The rebound flare definitely. By January of 2016, I thought in my deepest heart that my skin was only going to get better. By February, my anniversary flare started to spread. By April, I was in an almost full body flare. I didn’t struggle with that at all during my initial one. The days when you wake up and know it’s only getting worse are the hardest. You never know when you’ve reached the abyss before you turn a corner and start to heal. You just have to breathe, suck it up, and do whatever you can to stay comfortable.
11. How long have you been in withdrawal?
I’ve been at it for almost 21 months. Unfortunately, now I am struggling with the fact that since I got the hydrocortisone IV in the hospital, I’m technically not 21 months into my withdrawal. I’m almost 6 months steroid free. But, I’ve been suffering for 21. I started my initial withdrawal unknowingly in mid January of 2015, and I’m doing really well right now.
12. What do you use as comfort measures during this?
Anything to make me laugh. Last year, I re-watched all 10 seasons of Friends. The Office is also another comfort show. I also realized how important my close friends are to me, and I recognized that they are the ones that make me feel human. That was also a major psychological struggle during this journey. Since you’re physical self is such a mess, you feel inhuman. Your body doesn’t feel like yours. For the past 2 years, my limbs have felt like these other disgusting creatures that I have to nurture. They’re not mine….they’re not mine…
13. Are you employed? Has this affected your job status?
No, fortunately this hasn’t affected my job status, except when I was in the hospital. I’m a nanny, and the family was very understanding and allowed me to care for their child however it suited my needs. Fortunately, my face was never severely affected, so I was able to hide my condition under long sleeves and gloves.
14. Have you gone to therapy/wish to go to therapy because of this condition?
No…but I need to. I’ve done this completely alone. No caregivers. I’ve had friends to talk to and cry to…but I’ve been able to pretend that I’m fine. I talk about it as if it hasn’t affected me…but it has…and it’s been really fucking hard to face it.
15. If there is one thing you could say to another sufferer, what would it be?

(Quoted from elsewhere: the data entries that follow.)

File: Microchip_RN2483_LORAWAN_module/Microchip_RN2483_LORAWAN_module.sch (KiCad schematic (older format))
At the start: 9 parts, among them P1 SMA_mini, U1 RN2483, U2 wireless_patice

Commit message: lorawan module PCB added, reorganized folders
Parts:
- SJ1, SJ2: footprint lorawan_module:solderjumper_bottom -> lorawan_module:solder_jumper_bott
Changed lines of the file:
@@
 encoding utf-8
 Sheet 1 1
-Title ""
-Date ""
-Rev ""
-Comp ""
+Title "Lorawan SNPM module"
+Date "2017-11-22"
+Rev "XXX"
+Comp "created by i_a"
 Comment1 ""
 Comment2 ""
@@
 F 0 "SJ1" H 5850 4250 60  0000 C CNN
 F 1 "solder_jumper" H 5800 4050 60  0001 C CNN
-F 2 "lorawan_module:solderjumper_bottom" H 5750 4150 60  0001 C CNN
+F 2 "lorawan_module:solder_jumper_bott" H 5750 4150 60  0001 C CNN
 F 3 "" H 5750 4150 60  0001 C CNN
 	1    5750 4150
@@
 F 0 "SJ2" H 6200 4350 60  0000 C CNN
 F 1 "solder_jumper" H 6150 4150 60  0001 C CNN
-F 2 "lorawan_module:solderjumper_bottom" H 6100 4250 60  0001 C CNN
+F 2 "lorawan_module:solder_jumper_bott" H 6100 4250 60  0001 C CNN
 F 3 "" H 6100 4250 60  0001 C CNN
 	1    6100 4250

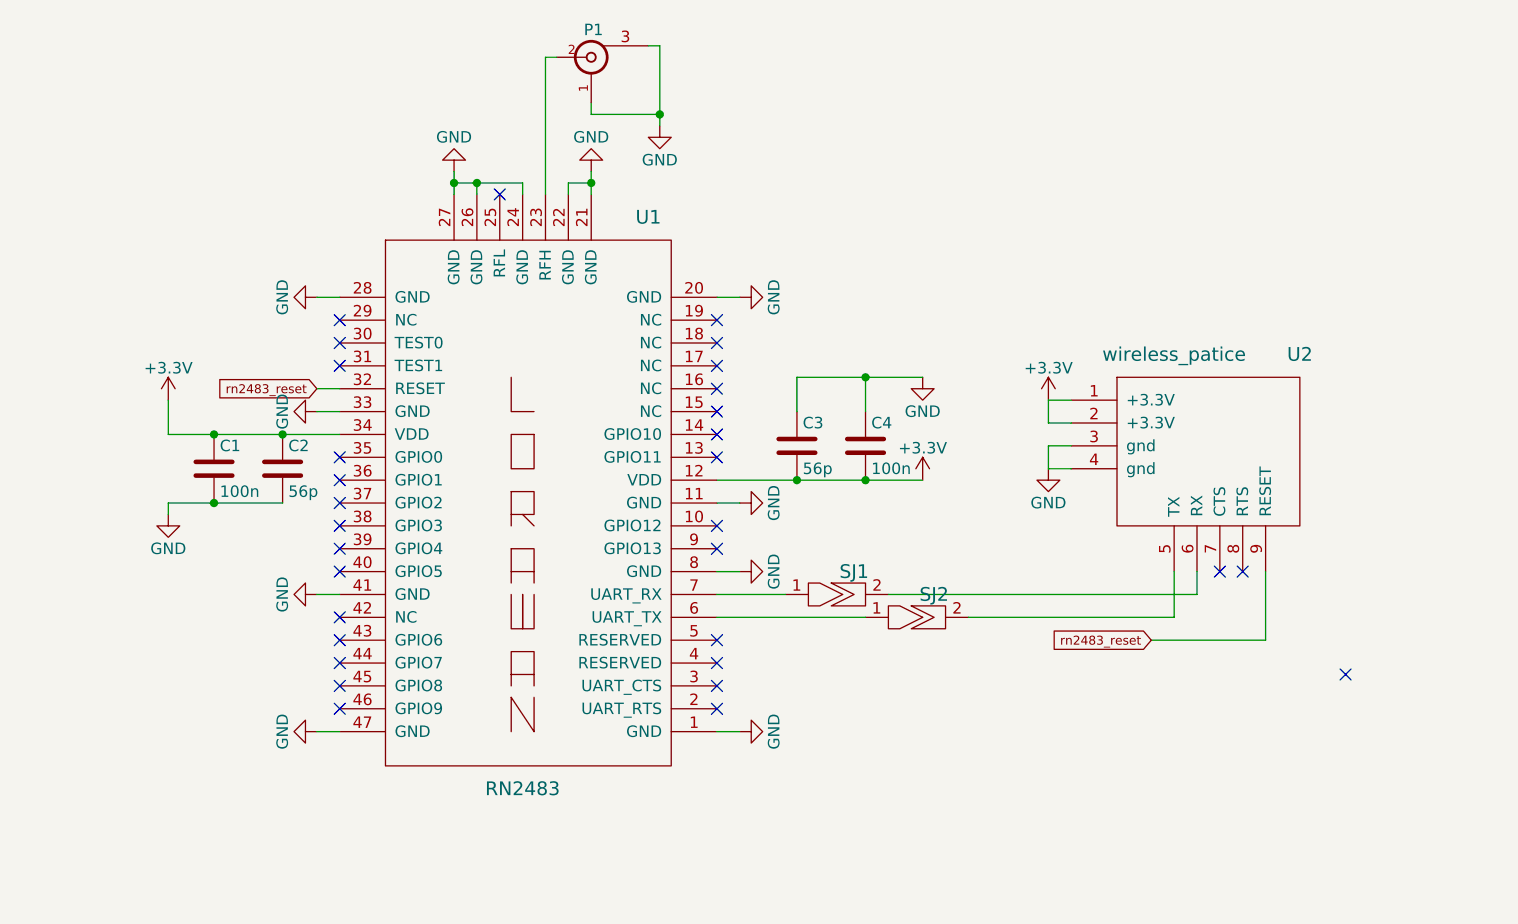
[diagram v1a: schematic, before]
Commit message: objednavka snpm a microchip redukce
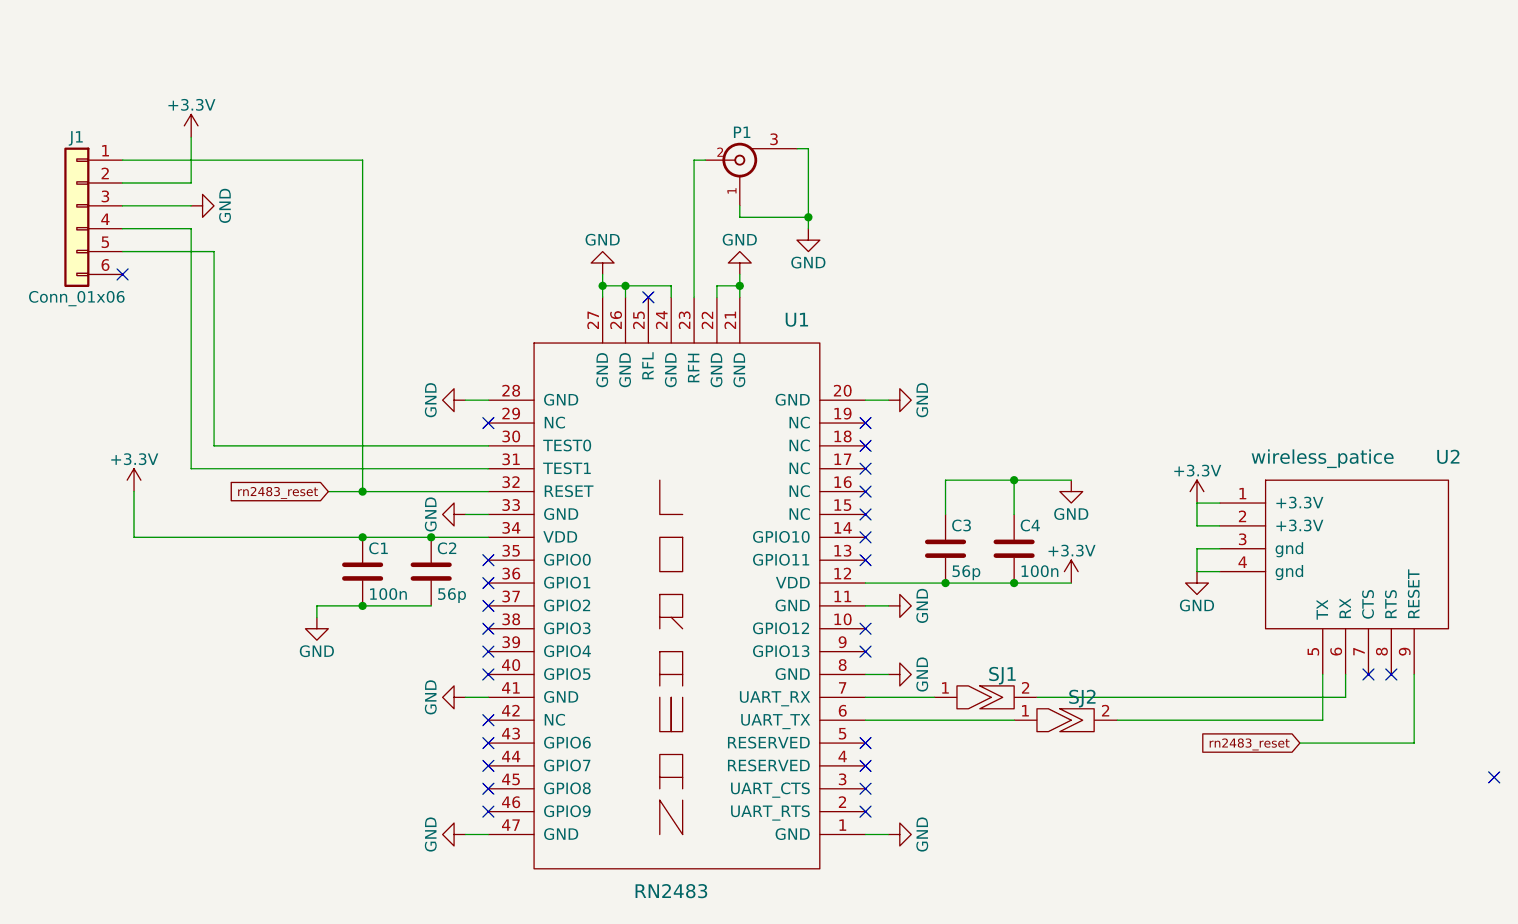
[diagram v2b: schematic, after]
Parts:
- added J1: Conn_01x06, lorawan_module:Pin_Header_Straight_1x06_Pitch2.54mm, symbol Conn_01x06
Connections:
- net +3V3: now also J1.2 (Pin_2)
- net GND: now also J1.3 (Pin_3)
- net rn2483_reset: now also J1.1 (Pin_1)
- net at U1.30 (TEST0): now also J1.5 (Pin_5)
- net at U1.31 (TEST1): now also J1.4 (Pin_4)
- no-connect marks 31 -> 30
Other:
- moved on the sheet: C1, C2, C3, C4, P1, SJ1, SJ2, U1, U2
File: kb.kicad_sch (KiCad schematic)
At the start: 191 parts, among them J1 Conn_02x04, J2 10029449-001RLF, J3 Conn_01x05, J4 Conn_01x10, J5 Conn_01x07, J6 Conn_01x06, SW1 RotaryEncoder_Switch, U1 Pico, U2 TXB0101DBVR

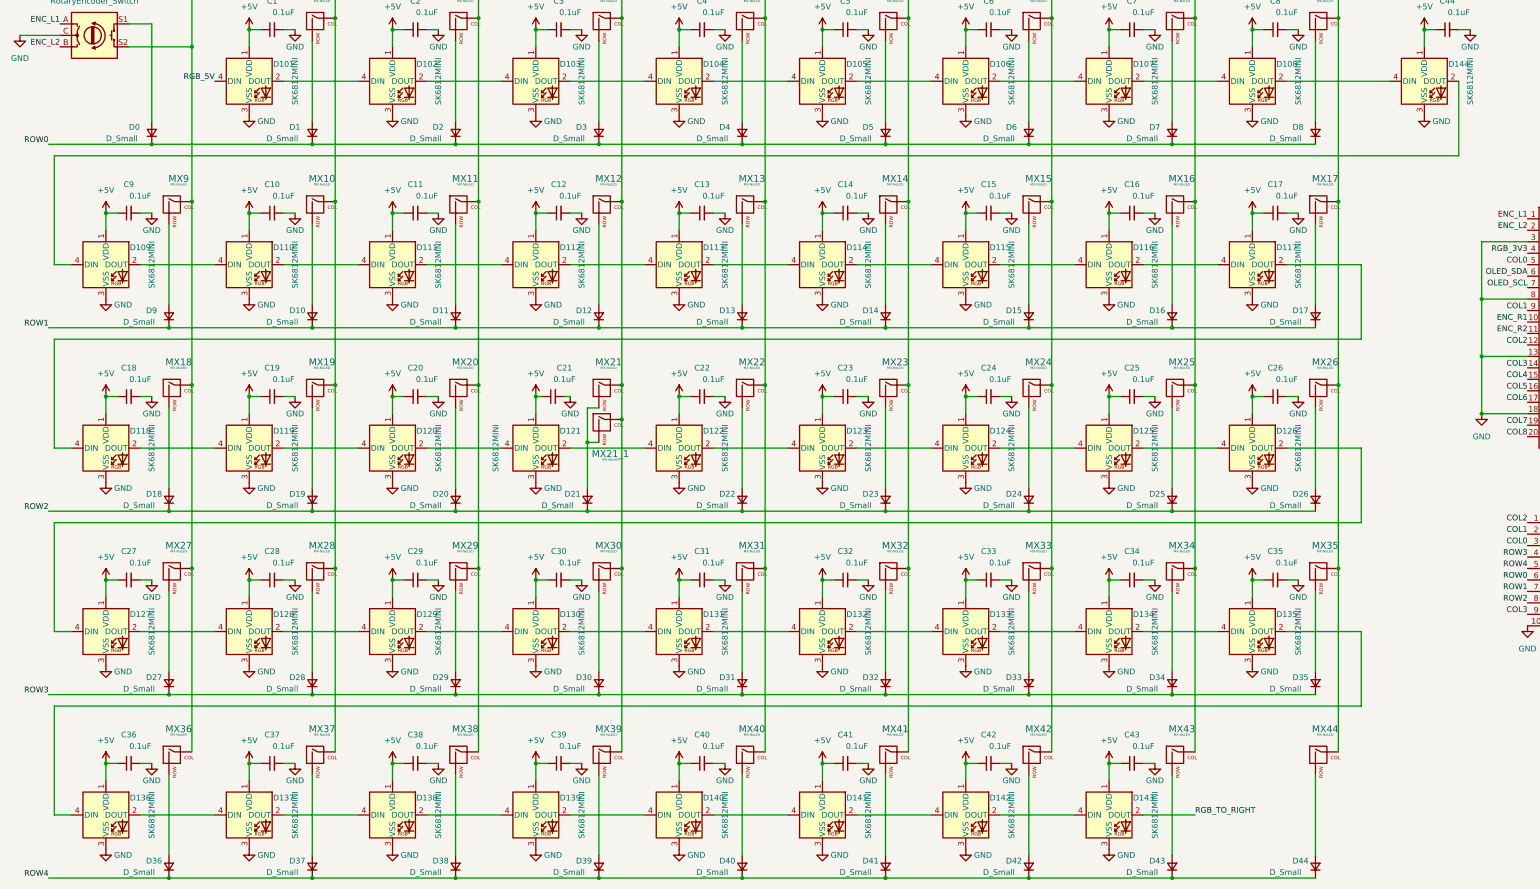
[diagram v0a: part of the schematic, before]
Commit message: start routing thru hole version
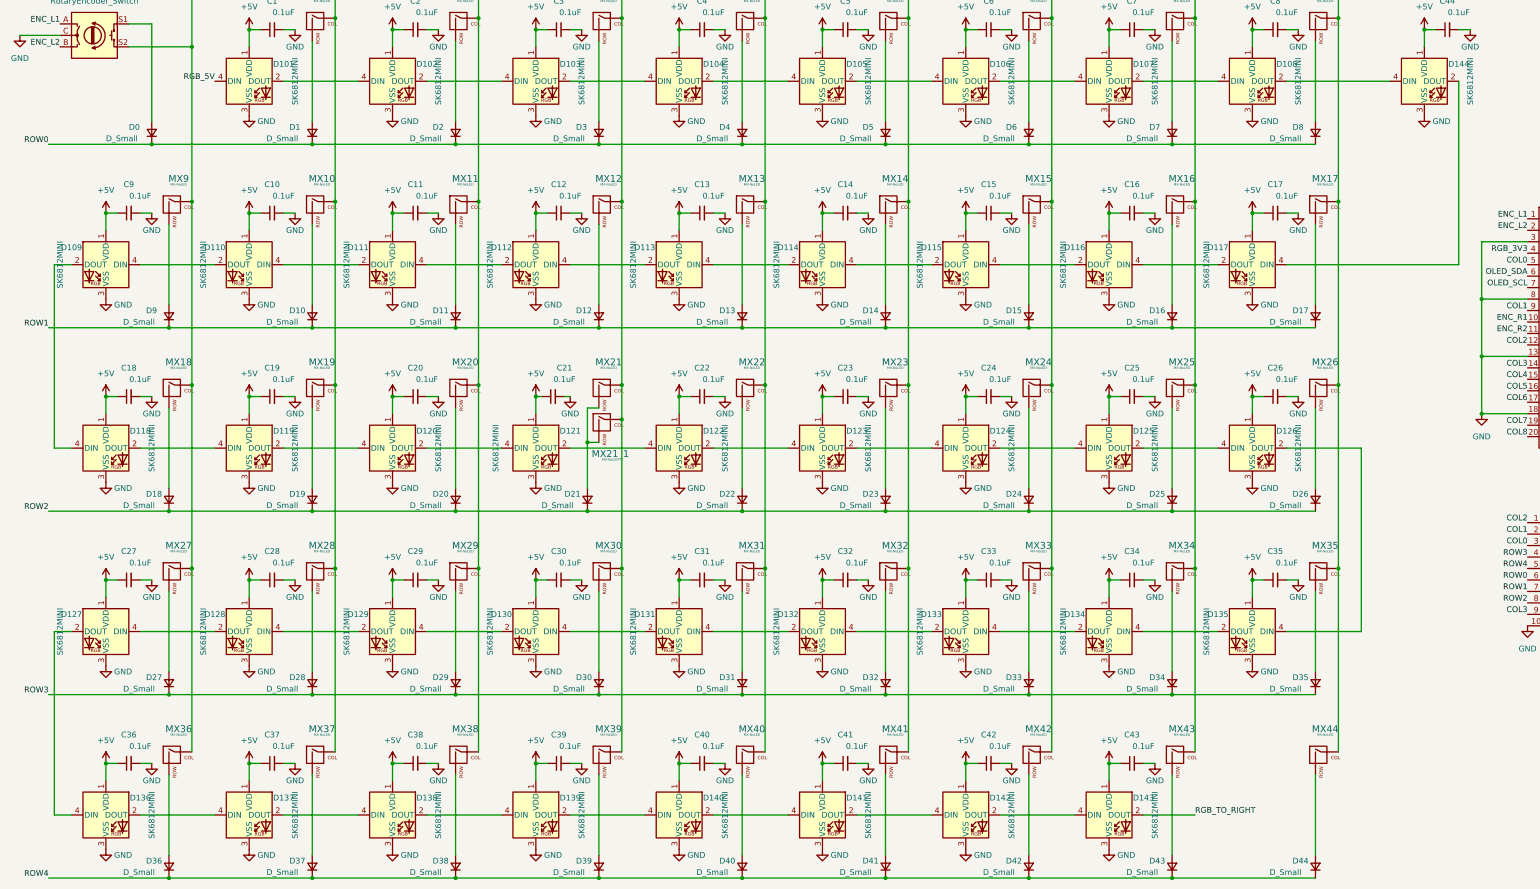
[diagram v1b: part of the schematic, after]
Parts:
- D0, D1, D10, D11, D12, D13, D14, D15, D16, D17, D18, D19, D2, D20, D21, D22, D23, D24, D25, D26, D27, D28, D29, D3, D30, D31, D32, D33, D34, D35, D36, D37, D38, D39, D4, D40, D41, D42, D43, D44, D5, D6, D7, D8, D9: footprint Diode_SMD:D_SOD-123 -> Keebio-Parts:Diode-Hybrid-Back
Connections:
- net at D144.2 (DOUT): now also D117.4 (DIN); no longer D109.4 (DIN)
- net at D135.2 (DOUT): now also D134.4 (DIN); no longer D136.4 (DIN)
- net at D135.4 (DIN): now also D126.2 (DOUT); no longer D134.2 (DOUT)
- net at D115.2 (DOUT): now also D114.4 (DIN); no longer D116.4 (DIN)
- net at D115.4 (DIN): now also D116.2 (DOUT); no longer D114.2 (DOUT)
- net at D112.2 (DOUT): now also D111.4 (DIN); no longer D113.4 (DIN)
- net at D112.4 (DIN): now also D113.2 (DOUT); no longer D111.2 (DOUT)
- net at D128.2 (DOUT): now also D127.4 (DIN); no longer D129.4 (DIN)
- net at D128.4 (DIN): now also D129.2 (DOUT); no longer D127.2 (DOUT)
- net at D130.4 (DIN): now also D131.2 (DOUT); no longer D129.2 (DOUT)
- net at D130.2 (DOUT): now also D129.4 (DIN); no longer D131.4 (DIN)
- net at D110.2 (DOUT): now also D109.4 (DIN); no longer D111.4 (DIN)
- net at D110.4 (DIN): now also D111.2 (DOUT); no longer D109.2 (DOUT)
- net at D133.2 (DOUT): now also D132.4 (DIN); no longer D134.4 (DIN)
- net at D133.4 (DIN): now also D134.2 (DOUT); no longer D132.2 (DOUT)
- net at D117.2 (DOUT): now also D116.4 (DIN); no longer D118.4 (DIN)
- new net: D127.2 (DOUT), D136.4 (DIN)
- new net: D113.4 (DIN), D114.2 (DOUT)
- new net: D131.4 (DIN), D132.2 (DOUT)
- new net: D109.2 (DOUT), D118.4 (DIN)

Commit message: all wired up??
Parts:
- removed J3: Conn_01x05, Connector_PinHeader_2.54mm:PinHeader_1x05_P2.54mm_Vertical, symbol Connector_Generic:Conn_01x05
- removed J4: Conn_01x10, Connector_PinHeader_2.54mm:PinHeader_1x10_P2.54mm_Vertical, symbol Connector_Generic:Conn_01x10
- removed J5: Conn_01x07, Connector_PinHeader_2.54mm:PinHeader_1x07_P2.54mm_Vertical, symbol Connector_Generic:Conn_01x07
- D0, D1, D10, D11, D18, D19, D2, D20, D27, D28, D29, D36, D37, D38, D9: footprint Keebio-Parts:Diode-Hybrid-Back -> Diode_SMD:D_SOD-123
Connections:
- net +5V: no longer J6.3 (Pin_3)
- net COL0: now also J2.9, U1.1 (GPIO0); no longer J2.6, U1.5 (GPIO3)
- net COL1: now also J2.8, U1.6 (GPIO4); no longer J2.7, U1.9 (GPIO6)
- net COL2: now also J2.7, U1.7 (GPIO5); no longer J2.8, U1.12 (GPIO9)
- net COL3: now also J2.6; no longer J2.9
- net COL4: now also J2.5; no longer J2.10
- net COL5: now also J2.4; no longer J2.11
- net COL6: now also J2.3; no longer J2.12
- net COL7: now also J2.2; no longer J2.13
- net COL8: now also J2.1; no longer J2.14
- net ENC_L1: now also U1.4 (GPIO2); no longer U1.1 (GPIO0)
- net ENC_R1: now also U1.21 (GPIO16); no longer U1.10 (GPIO7)
- net ENC_R2: now also U1.22 (GPIO17); no longer U1.11 (GPIO8)
- net GND: no longer J6.4 (Pin_4)
- net OLED_SCL: now also U1.32 (GPIO27_ADC1); no longer U1.7 (GPIO5)
- net OLED_SDA: now also U1.31 (GPIO26_ADC0); no longer U1.6 (GPIO4)
- net RGB_3V3: now also U1.5 (GPIO3); no longer U1.4 (GPIO2)
- net RGB_5V: now also J6.3 (Pin_3)
- net RGB_TO_RIGHT: now also J6.4 (Pin_4)
- net ROW1: now also U1.9 (GPIO6); no longer U1.32 (GPIO27_ADC1)
- net ROW2: now also U1.10 (GPIO7); no longer U1.31 (GPIO26_ADC0)
- net ROW3: now also U1.11 (GPIO8); no longer U1.29 (GPIO22)
- net ROW4: now also U1.12 (GPIO9); no longer U1.27 (GPIO21)
- net ROW5: now also J2.10, U1.29 (GPIO22); no longer J2.5, U1.26 (GPIO20)
- net ROW6: now also J2.11, U1.27 (GPIO21); no longer J2.4, U1.25 (GPIO19)
- net ROW7: now also J2.12, U1.26 (GPIO20); no longer J2.3, U1.24 (GPIO18)
- net ROW8: now also J2.13, U1.25 (GPIO19); no longer J2.2, U1.22 (GPIO17)
- net ROW9: now also J2.14, U1.24 (GPIO18); no longer J2.1, U1.21 (GPIO16)

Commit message: finished routing?45 deg hdmi
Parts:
- D12, D21, D3, D30, D39: footprint Keebio-Parts:Diode-Hybrid-Back -> Diode_SMD:D_SOD-123
- R1, R2: footprint Resistor_SMD:R_0805_2012Metric_Pad1.20x1.40mm_HandSolder -> Resistor_THT:R_Axial_DIN0207_L6.3mm_D2.5mm_P10.16mm_Horizontal
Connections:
- net +3V3: now also J1.3 (Pin_3); no longer J1.5 (Pin_5)
- net COL0: now also J2.1; no longer J2.9
- net COL1: now also J2.2; no longer J2.8
- net COL2: now also J2.3; no longer J2.7
- net COL3: now also J2.4; no longer J2.6
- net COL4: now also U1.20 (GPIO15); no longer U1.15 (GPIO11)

It’s a gift. Fucking trust me. Your quality of life will transform. It will develop on its own time. Healing is not linear. It’s not it’s not its not. This, my love, will only make you stronger. YOU. ARE. A. WARRIOR.
Just be. Listen to your body. Don’t beat yourself up about anything. There’s no right way to heal. You have to trust your gut and take action on your own time. Everyone’s journey is drastically different, and we can’t compare. The only things that remain true amongst all of us are…and I mean all of us…the story, the symptoms, and the moment you realize you have RSS are all the same. And it’s one of the most empowering discoveries you’ll ever experience.
Oh and take pictures, especially at your worst. You won’t regret it. You’ll forget how much pain you were in, and the pictures are a reminder that you are a fucking warrior. Don’t ever underestimate that.
Last, but not least….
You are loved.
You are certainly loved, Stephanie! Thank you for a lovely interview!